Escrita por Mindy Kaling, a série
Eu Nunca... parece ser mais uma
narrativa cômica adolescente sobre perda de virgindade. Aos poucos, no entanto,
vai mostrando ser um pouco mais que isso ao lidar com os traumas da
protagonista e desenvolvendo os dramas de seus personagens.
A trama é centrada em Devi (Maitreyi
Ramakrishnan) uma jovem de descendência indiana que começa o segundo ano do
ensino médio decidida a perder a virgindade e se tornar popular. Ela decide
essa guinada depois de um ano difícil envolvendo a morte do pai e de ficar com
as pernas paralisadas. Agora que voltou a andar, Devi quer correr atrás do
tempo perdido, mas a vida escolar guarda surpresas.
De certa forma, a série adere a
batidas bem típicas dessas tramas adolescentes, como a protagonista que quer
tanto ser popular que se afasta das amigas e se torna o tipo de megera que
desprezava, o garoto com quem tem rivalidade, mas que acaba se aproximando
dela, o galã popular que a protagonista quer a todo custo pegar. Tudo está aí,
presente, mas o texto de Mindy Kaling evita que seus personagens sejam
arquétipos vazios ao dar a eles seus próprios conflitos e problemas, ajudando a
humanizar todos esses personagens e dando mais complexidade a eles.
Vemos que o popular Paxton
(Darren Barnet) é excessivamente protetor em relação à irmã que tem síndrome de
Down e não deixa qualquer um se aproximar dele por medo de fazerem bullying com a irmã. O competitivo Ben
(Jaren Lewison) parece só um moleque mimado, mas aos poucos a trama mostra o
quanto ele é solitário, ignorado pelos pais e pessoas próximas.
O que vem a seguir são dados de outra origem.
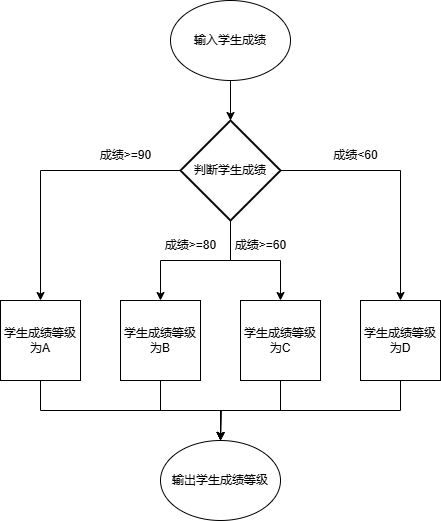

The diagram above was exported from draw.io. Its source (the exported page's mxGraphModel, read from the mxfile embedded in the PNG):
<mxGraphModel dx="706" dy="415" grid="1" gridSize="10" guides="1" tooltips="1" connect="1" arrows="1" fold="1" page="1" pageScale="1" pageWidth="827" pageHeight="1169" math="0" shadow="0">
  <root>
    <mxCell id="0" />
    <mxCell id="1" parent="0" />
    <mxCell id="mor8b-IdtJj1uXf9g9YB-21" value="输入学生成绩" style="ellipse;whiteSpace=wrap;html=1;" vertex="1" parent="1">
      <mxGeometry x="410" y="20" width="120" height="80" as="geometry" />
    </mxCell>
    <mxCell id="mor8b-IdtJj1uXf9g9YB-30" style="edgeStyle=orthogonalEdgeStyle;rounded=0;orthogonalLoop=1;jettySize=auto;html=1;exitX=0;exitY=0.5;exitDx=0;exitDy=0;exitPerimeter=0;entryX=0.5;entryY=0;entryDx=0;entryDy=0;" edge="1" parent="1" source="mor8b-IdtJj1uXf9g9YB-23" target="mor8b-IdtJj1uXf9g9YB-24">
      <mxGeometry relative="1" as="geometry" />
    </mxCell>
    <mxCell id="mor8b-IdtJj1uXf9g9YB-31" style="edgeStyle=orthogonalEdgeStyle;rounded=0;orthogonalLoop=1;jettySize=auto;html=1;exitX=1;exitY=0.5;exitDx=0;exitDy=0;exitPerimeter=0;entryX=0.5;entryY=0;entryDx=0;entryDy=0;" edge="1" parent="1" source="mor8b-IdtJj1uXf9g9YB-23" target="mor8b-IdtJj1uXf9g9YB-27">
      <mxGeometry relative="1" as="geometry" />
    </mxCell>
    <mxCell id="mor8b-IdtJj1uXf9g9YB-36" style="edgeStyle=orthogonalEdgeStyle;rounded=0;orthogonalLoop=1;jettySize=auto;html=1;exitX=0.5;exitY=1;exitDx=0;exitDy=0;exitPerimeter=0;entryX=0.5;entryY=0;entryDx=0;entryDy=0;" edge="1" parent="1" source="mor8b-IdtJj1uXf9g9YB-23" target="mor8b-IdtJj1uXf9g9YB-25">
      <mxGeometry relative="1" as="geometry" />
    </mxCell>
    <mxCell id="mor8b-IdtJj1uXf9g9YB-37" style="edgeStyle=orthogonalEdgeStyle;rounded=0;orthogonalLoop=1;jettySize=auto;html=1;exitX=0.5;exitY=1;exitDx=0;exitDy=0;exitPerimeter=0;entryX=0.5;entryY=0;entryDx=0;entryDy=0;" edge="1" parent="1" source="mor8b-IdtJj1uXf9g9YB-23" target="mor8b-IdtJj1uXf9g9YB-26">
      <mxGeometry relative="1" as="geometry" />
    </mxCell>
    <mxCell id="mor8b-IdtJj1uXf9g9YB-23" value="判断学生成绩" style="strokeWidth=2;html=1;shape=mxgraph.flowchart.decision;whiteSpace=wrap;" vertex="1" parent="1">
      <mxGeometry x="420" y="140" width="100" height="100" as="geometry" />
    </mxCell>
    <mxCell id="mor8b-IdtJj1uXf9g9YB-32" style="edgeStyle=orthogonalEdgeStyle;rounded=0;orthogonalLoop=1;jettySize=auto;html=1;exitX=0.5;exitY=1;exitDx=0;exitDy=0;" edge="1" parent="1" source="mor8b-IdtJj1uXf9g9YB-24" target="mor8b-IdtJj1uXf9g9YB-28">
      <mxGeometry relative="1" as="geometry" />
    </mxCell>
    <mxCell id="mor8b-IdtJj1uXf9g9YB-24" value="学生成绩等级为A" style="whiteSpace=wrap;html=1;aspect=fixed;" vertex="1" parent="1">
      <mxGeometry x="240" y="320" width="80" height="80" as="geometry" />
    </mxCell>
    <mxCell id="mor8b-IdtJj1uXf9g9YB-33" style="edgeStyle=orthogonalEdgeStyle;rounded=0;orthogonalLoop=1;jettySize=auto;html=1;exitX=0.5;exitY=1;exitDx=0;exitDy=0;" edge="1" parent="1" source="mor8b-IdtJj1uXf9g9YB-25">
      <mxGeometry relative="1" as="geometry">
        <mxPoint x="460" y="460" as="targetPoint" />
      </mxGeometry>
    </mxCell>
    <mxCell id="mor8b-IdtJj1uXf9g9YB-25" value="学生成绩等级为B" style="whiteSpace=wrap;html=1;aspect=fixed;" vertex="1" parent="1">
      <mxGeometry x="360" y="320" width="80" height="80" as="geometry" />
    </mxCell>
    <mxCell id="mor8b-IdtJj1uXf9g9YB-34" style="edgeStyle=orthogonalEdgeStyle;rounded=0;orthogonalLoop=1;jettySize=auto;html=1;exitX=0.5;exitY=1;exitDx=0;exitDy=0;" edge="1" parent="1" source="mor8b-IdtJj1uXf9g9YB-26">
      <mxGeometry relative="1" as="geometry">
        <mxPoint x="460" y="460" as="targetPoint" />
      </mxGeometry>
    </mxCell>
    <mxCell id="mor8b-IdtJj1uXf9g9YB-26" value="学生成绩等级为C" style="whiteSpace=wrap;html=1;aspect=fixed;" vertex="1" parent="1">
      <mxGeometry x="480" y="320" width="80" height="80" as="geometry" />
    </mxCell>
    <mxCell id="mor8b-IdtJj1uXf9g9YB-35" style="edgeStyle=orthogonalEdgeStyle;rounded=0;orthogonalLoop=1;jettySize=auto;html=1;exitX=0.5;exitY=1;exitDx=0;exitDy=0;" edge="1" parent="1" source="mor8b-IdtJj1uXf9g9YB-27">
      <mxGeometry relative="1" as="geometry">
        <mxPoint x="460" y="460" as="targetPoint" />
      </mxGeometry>
    </mxCell>
    <mxCell id="mor8b-IdtJj1uXf9g9YB-27" value="学生成绩等级为D" style="whiteSpace=wrap;html=1;aspect=fixed;" vertex="1" parent="1">
      <mxGeometry x="600" y="320" width="80" height="80" as="geometry" />
    </mxCell>
    <mxCell id="mor8b-IdtJj1uXf9g9YB-28" value="输出学生成绩等级" style="ellipse;whiteSpace=wrap;html=1;" vertex="1" parent="1">
      <mxGeometry x="400" y="460" width="120" height="80" as="geometry" />
    </mxCell>
    <mxCell id="mor8b-IdtJj1uXf9g9YB-29" style="edgeStyle=orthogonalEdgeStyle;rounded=0;orthogonalLoop=1;jettySize=auto;html=1;exitX=0.5;exitY=1;exitDx=0;exitDy=0;entryX=0.5;entryY=0;entryDx=0;entryDy=0;entryPerimeter=0;" edge="1" parent="1" source="mor8b-IdtJj1uXf9g9YB-21" target="mor8b-IdtJj1uXf9g9YB-23">
      <mxGeometry relative="1" as="geometry" />
    </mxCell>
    <mxCell id="mor8b-IdtJj1uXf9g9YB-38" value="成绩&amp;gt;=90" style="text;html=1;align=center;verticalAlign=middle;resizable=0;points=[];autosize=1;strokeColor=none;fillColor=none;" vertex="1" parent="1">
      <mxGeometry x="330" y="160" width="70" height="30" as="geometry" />
    </mxCell>
    <mxCell id="mor8b-IdtJj1uXf9g9YB-39" value="成绩&amp;gt;=80" style="text;html=1;align=center;verticalAlign=middle;resizable=0;points=[];autosize=1;strokeColor=none;fillColor=none;" vertex="1" parent="1">
      <mxGeometry x="395" y="250" width="70" height="30" as="geometry" />
    </mxCell>
    <mxCell id="mor8b-IdtJj1uXf9g9YB-40" value="成绩&amp;gt;=60" style="text;html=1;align=center;verticalAlign=middle;resizable=0;points=[];autosize=1;strokeColor=none;fillColor=none;" vertex="1" parent="1">
      <mxGeometry x="465" y="250" width="70" height="30" as="geometry" />
    </mxCell>
    <mxCell id="mor8b-IdtJj1uXf9g9YB-41" value="成绩&amp;lt;60" style="text;html=1;align=center;verticalAlign=middle;resizable=0;points=[];autosize=1;strokeColor=none;fillColor=none;" vertex="1" parent="1">
      <mxGeometry x="560" y="160" width="70" height="30" as="geometry" />
    </mxCell>
  </root>
</mxGraphModel>

Eleanor (Ramona
Young) lida com a possibilidade de ter sido abandonada pela mãe. Nalini (Poorna
Jagannathan), a mãe de Devi, nunca é reduzida ao clichê da mãe rígida, também
tendo suas próprias motivações que nos fazem entender as ações dela. Assim,
cada personagem soa como uma pessoa com seus próprios problemas e conflitos e
não apenas dispositivos narrativos colocados ali apenas para que a série siga o
traçado que se espera de uma comédia adolescente.
Do mesmo modo, a trama de Devi
vai aos poucos mostrando que sua busca por popularidade e um namorado é também
uma forma dela fugir de sentimentos que ela não quer confrontar em relação à
morte do pai e o relacionamento difícil que ela tem com a mãe. Nesse sentido, a
série não foge de mostrar a imaturidade de Devi e modo como ela se comporta
como se a dor dela fosse uma justificativa para tudo, agindo como se os
problemas dos outros fossem menores que os dela. De novo, nada disso é inédito
em tramas adolescentes, mas a série constrói tudo isso com uma sinceridade
emocional tão grande que é difícil não se deixar envolver.
O arco de Devi ainda lida com
questões de identidade e cultura ao tratar do deslocamento da protagonista em
relação à cultura indiana. Enquanto os pais dela são imigrantes e ainda estão
conectados com suas raízes nacionais, Devi nasceu nos EUA e se sente mais
estadunidense do que indiana, tendo dificuldade em conciliar entre esses dois
mundos.
Eu Nunca... consegue, portanto, transitar de maneira orgânica entre
drama e comédia, criando tramas envolventes para seus personagens mesmo sem
reinventar a roda das narrativas adolescentes.